How to dance _The Charleston_, 1927.  A real knee-knocker?


----------



## fureverywhere

I could so dance like that...at 25...now I'd break something


----------



## SeaBreeze




----------



## SeaBreeze




----------



## clover

This lot look mostly like a right shady bunch of characters. But you never know it could be one of our ancestors trying to earn an honest  (or in some cases a dishonest) crust


----------



## NancyNGA

Great video, clover!  Interesting music, too.  Lot's of terms I've never heard of.  What's a mush-faker @2:19?


----------



## clover

NancyNGA said:


> Great video, clover!  Interesting music, too.  Lot's of terms I've never heard of.  What's a mush-faker @2:19?



They repaired and sold old umbrellas Nancy


----------



## NancyNGA

clover said:


> They repaired and sold old umbrellas Nancy



Thank you clover.  I Googled it and came up with nothing.  But I see the umbrellas, now.


----------



## clover

A lovely video clip where technology is put to good use and old and new come together for this remarkable lady


----------



## SifuPhil

1945 NYC and Times Square - look at the heavy car traffic LOL!
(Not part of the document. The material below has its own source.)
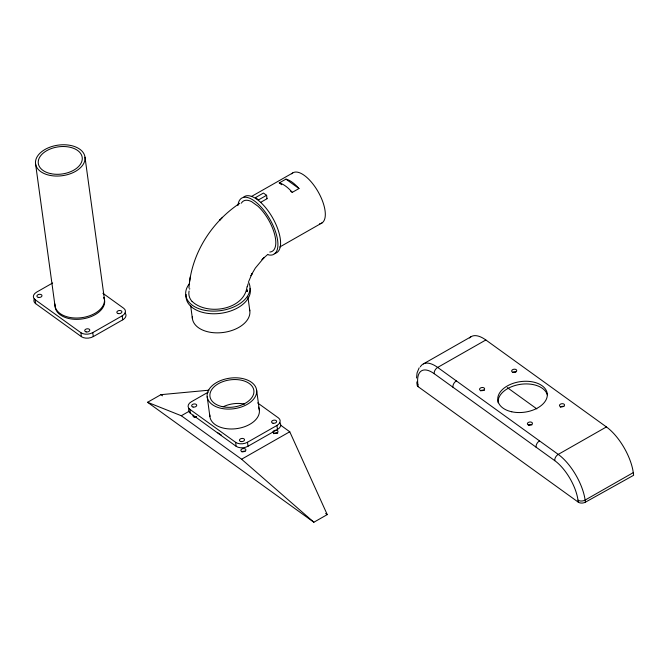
<?xml version="1.0" encoding="UTF-8"?>
<svg xmlns="http://www.w3.org/2000/svg" width="667" height="667" viewBox="0 0 667 667"><rect width="100%" height="100%" fill="white"/><g stroke="black" fill="none" stroke-linecap="round" stroke-linejoin="round"><path stroke-width="1" d="M416.533 378.014L417.075 372.886L419.159 367.817M188.961 288.019C191.262 253.86 211.497 222.028 239.812 203.277M189.57 281.641L190.32 276.772M247.357 286.76L248.049 283.842M248.874 281.132L251.901 273.895L251.651 274.387L255.319 268.092L264.09 257.57L262.014 259.638L262.715 258.929M251.901 273.895L251.025 275.671L251.334 275.046M222.503 217.309L219.476 220.41L219.96 219.918M263.315 258.329L267.876 254.352M52.676 282.975L36.627 292.129A8.521 5.269 -7.8 0 0 35.126 299.691L35.676 303.668L81.416 336.66A8.521 5.269 -7.8 0 0 93.297 336.593L122.736 319.818A8.521 5.269 -7.8 0 0 125.062 312.998M251.267 196.59L292.696 172.978M279.248 182.95L285.935 179.131A28.973 12.398 60.3 0 1 298.983 188.536L292.288 192.354A28.973 12.398 60.3 0 0 279.248 182.95L281.691 184.709M274.237 253.518A32.375 13.857 60.3 0 0 278.823 232.191A32.375 13.857 60.3 0 0 258.654 200.625L255.536 198.374L255.436 197.624L263.465 193.046L266.583 195.298L267.05 198.708L260.805 202.268M255.436 197.624L258.554 199.875L266.583 195.298M35.126 299.691L80.865 332.675A8.521 5.269 -7.8 0 0 92.755 332.616L122.194 315.833A8.521 5.269 -7.8 0 0 123.687 308.271L102.893 293.28M279.723 247.023L322.053 222.895M280.715 425.246L289.761 431.766L327.247 514.607L313.865 522.236L147.549 402.284L160.93 394.664L209.013 390.187M208.304 392.104L191.354 401.767A8.521 5.269 -7.8 0 0 189.862 409.33L190.412 413.307L236.151 446.298A8.521 5.269 -7.8 0 0 248.032 446.231L277.472 429.456A8.521 5.269 -7.8 0 0 279.798 422.636M147.549 402.284L181.299 415.741L188.828 411.447M189.862 409.33L235.601 442.313A8.521 5.269 -7.8 0 0 247.49 442.246L276.93 425.471A8.521 5.269 -7.8 0 0 278.422 417.909L257.629 402.918M181.299 415.741L241.587 459.221L289.761 431.766M423.387 363.899L470.835 336.86M485.843 339.978L437.669 367.425A5.111 3.368 -54.2 0 0 434.2 373.695A32.375 13.857 60.3 0 0 417.901 384.659L418.184 386.702L578.264 502.151A5.111 3.127 -6.7 0 0 585.401 502.184L633.65 475.271L633.283 472.62A37.494 16.05 60.3 0 0 606.42 426.938L485.843 339.978A37.494 16.05 60.3 0 0 469.56 337.961M606.42 426.938L558.246 454.394A5.111 3.368 -54.2 0 0 554.777 460.664A32.375 13.857 60.3 0 1 577.981 500.117L578.264 502.151M633.283 472.62L585.117 500.075A5.111 3.16 -7.8 0 1 577.981 500.117M285.935 179.131L298.983 188.536M290.662 191.179L292.288 192.354M507.279 387.585L536.835 408.904M434.2 373.695L554.777 460.664M160.93 394.664L162.531 395.814M325.646 513.457L327.247 514.607M241.587 459.221L313.865 522.236M192.113 301.442C207.437 316.058 244.539 309.746 247.015 286.66M585.401 502.184L585.117 500.075A37.494 16.05 60.3 0 0 558.246 454.394L437.669 367.425A37.494 16.05 60.3 0 0 420.335 366.842M258.554 199.875L258.654 200.625M276.93 425.471L277.472 429.456M247.19 291.596L246.915 289.578A28.973 17.917 -7.8 0 1 246.998 291.421M247.882 296.648L249.817 310.805M256.628 390.22A24.937 15.424 -7.8 0 1 221.119 408.321A24.937 15.424 -7.8 0 1 217.951 381.791A24.937 15.424 -7.8 0 1 256.628 390.22L259.355 410.122M247.49 442.246L248.032 446.231M235.601 442.313L236.151 446.298M207.17 396.665L209.897 416.567M190.604 305.419L192.404 318.559M122.194 315.833L122.736 319.818M84.992 157.195A24.937 15.424 -7.8 0 1 49.475 175.288A24.937 15.424 -7.8 0 1 46.315 148.758A24.937 15.424 -7.8 0 1 84.992 157.195L104.436 299.158M92.755 332.616L93.297 336.593M80.865 332.675L81.416 336.66M35.534 163.632L54.977 305.603M104.127 297.624A24.937 15.424 -7.8 0 1 81.524 317.7A24.937 15.424 -7.8 0 1 54.919 304.01M103.752 297.482A24.937 15.424 -7.8 0 1 82.941 318.843A24.937 15.424 -7.8 0 1 55.103 305.336M35.676 303.668A8.521 5.269 -7.8 0 1 34.351 298.808M258.488 407.12A24.937 15.424 -7.8 0 1 237.677 428.481A24.937 15.424 -7.8 0 1 209.838 414.974M223.42 406.662A22.153 13.699 -7.8 0 1 244.572 404.077M190.412 413.307A8.521 5.269 -7.8 0 1 189.086 408.446M536.068 447.165A5.111 3.368 -54.2 0 1 539.536 440.895M417.901 384.659A5.111 3.16 -7.8 0 1 417.3 381.424M452.91 387.193A5.111 3.368 -54.2 0 1 456.378 380.924M498.157 402.785A24.937 15.424 -7.8 0 1 519.801 384.434A24.937 15.424 -7.8 0 1 547.307 394.806M560.322 407.162A2.56 1.584 -7.8 0 1 563.873 406.52M528.522 425.212A2.56 1.584 -7.8 0 1 531.949 424.904M512.656 372.545A2.56 1.584 -7.8 0 1 515.849 371.969M480.54 390.845A2.56 1.584 -7.8 0 1 484.3 390.503M418.184 386.702A5.111 3.127 -6.7 0 1 417.375 383.842M221.244 434.942A22.153 13.699 -7.8 0 1 217.384 432.399M194.372 417.192A2.56 1.584 -7.8 0 1 196.507 416.717M196.515 417.058A2.56 1.584 -7.8 0 1 193.722 416.908A2.56 1.584 -7.8 0 1 193.263 415.191M273.812 433.733A2.56 1.584 -7.8 0 1 277.722 433.258M241.846 451.901A2.56 1.584 -7.8 0 1 245.039 451.326M291.704 173.829A28.973 12.398 60.3 0 1 318.426 192.288A28.973 12.398 60.3 0 1 319.626 223.787M243.63 197.115A32.375 13.857 60.3 0 1 255.536 198.374M266.458 198.232A28.973 12.398 60.3 0 1 267.05 198.708M237.927 205.519A32.375 13.857 60.3 0 1 268.568 217.042A32.375 13.857 60.3 0 1 268.342 254.836M249.433 309.021A28.973 17.917 -7.8 0 1 223.437 332.449A28.973 17.917 -7.8 0 1 192.313 316.717M248.366 281.833A32.375 20.027 -7.8 0 1 215.107 311.097A32.375 20.027 -7.8 0 1 189.486 283.642M250.158 288.327A32.375 20.027 -7.8 0 1 218.784 313.54A32.375 20.027 -7.8 0 1 186.126 294.439M192.063 301.459A29.098 17.992 -7.8 0 1 189.086 291.054M189.62 289.17A29.098 17.992 -7.8 0 1 189.803 288.703M269.785 252.051A28.973 12.398 60.3 0 0 274.646 234.459A28.973 12.398 60.3 0 0 257.937 206.203L251.709 201.709A28.973 12.398 60.3 0 0 241.379 203.152M50.684 173.628A22.153 13.699 -7.8 0 0 82.224 157.554A22.153 13.699 -7.8 0 0 47.874 150.058A22.153 13.699 -7.8 0 0 50.684 173.628M118.284 313.598A2.56 1.584 -7.8 0 0 121.903 311.731A2.56 1.584 -7.8 0 0 117.926 310.889A2.56 1.584 -7.8 0 0 118.284 313.598M86.168 331.908A2.56 1.584 -7.8 0 0 89.795 330.032A2.56 1.584 -7.8 0 0 85.81 329.19A2.56 1.584 -7.8 0 0 86.168 331.908M38.352 297.415A2.56 1.584 -7.8 0 0 41.979 295.548A2.56 1.584 -7.8 0 0 37.994 294.706A2.56 1.584 -7.8 0 0 38.352 297.415M222.319 406.653A22.153 13.699 -7.8 0 0 253.869 390.579A22.153 13.699 -7.8 0 0 219.51 383.091A22.153 13.699 -7.8 0 0 222.319 406.653M273.02 423.237A2.56 1.584 -7.8 0 0 276.638 421.369A2.56 1.584 -7.8 0 0 272.661 420.527A2.56 1.584 -7.8 0 0 273.02 423.237M240.904 441.546A2.56 1.584 -7.8 0 0 244.531 439.67A2.56 1.584 -7.8 0 0 240.545 438.828A2.56 1.584 -7.8 0 0 240.904 441.546M193.088 407.053A2.56 1.584 -7.8 0 0 196.715 405.186A2.56 1.584 -7.8 0 0 192.73 404.344A2.56 1.584 -7.8 0 0 193.088 407.053M511.747 411.781A24.937 15.424 -7.8 0 0 547.257 393.688A24.937 15.424 -7.8 0 0 508.579 385.259A24.937 15.424 -7.8 0 0 511.747 411.781M560.922 406.803A2.56 1.584 -7.8 0 0 564.54 404.936A2.56 1.584 -7.8 0 0 560.563 404.085A2.56 1.584 -7.8 0 0 560.922 406.803M528.806 425.104A2.56 1.584 -7.8 0 0 532.424 423.237A2.56 1.584 -7.8 0 0 528.447 422.394A2.56 1.584 -7.8 0 0 528.806 425.104M513.106 372.319A2.56 1.584 -7.8 0 0 516.725 370.443A2.56 1.584 -7.8 0 0 512.748 369.601A2.56 1.584 -7.8 0 0 513.106 372.319M480.99 390.62A2.56 1.584 -7.8 0 0 484.609 388.753A2.56 1.584 -7.8 0 0 480.632 387.902A2.56 1.584 -7.8 0 0 480.99 390.62M274.412 433.375A2.56 1.584 -7.8 0 0 278.031 431.507A2.56 1.584 -7.8 0 0 274.054 430.657A2.56 1.584 -7.8 0 0 274.412 433.375M242.296 451.676A2.56 1.584 -7.8 0 0 245.915 449.808A2.56 1.584 -7.8 0 0 241.938 448.966A2.56 1.584 -7.8 0 0 242.296 451.676"/></g></svg>

Wish I had been there back then - could have caught the Andrews Sisters!


----------



## clover

Thanks for your video Phil. It is interesting to see we were no difference then. Just people getting on with their lives


----------



## NancyNGA

Double decker (electric?) buses.  So cool!  I don't think we ever had any two-story buses here in the US.  Does anybody know?


----------



## SifuPhil

clover said:


> Thanks for your video Phil. It is interesting to see we were no difference then. Just people getting on with their lives



How very true!

It's such a shame that war is brought on by a few megalomaniacs, while the rest of us just want to get along.


----------



## SifuPhil

NancyNGA said:


> Double decker (electric?) buses.  So cool!  I don't think we ever had any two-story buses here in the US.  Does anybody know?



I think there are a lot of them in major tourist spots such as Vegas and NY. In fact, I believe there's a factory somewhere in the U.S. that specializes in manufacturing double deckers.


----------



## clover

We still have double deckers in some towns but the red London ones are the most famous. Remember Cliff Richards  taking one on a summer holiday


----------



## NancyNGA

SifuPhil said:


> I think there are a lot of them in major tourist spots such as Vegas and NY. In fact, I believe there's a factory somewhere in the U.S. that specializes in manufacturing double deckers.



Are they targeting just tourists?   Is this a new thing?   (Obviously I am way out of touch.)


----------



## SifuPhil

NancyNGA said:


> Are they targeting just tourists?   Is this a new thing?   (Obviously I am way out of touch.)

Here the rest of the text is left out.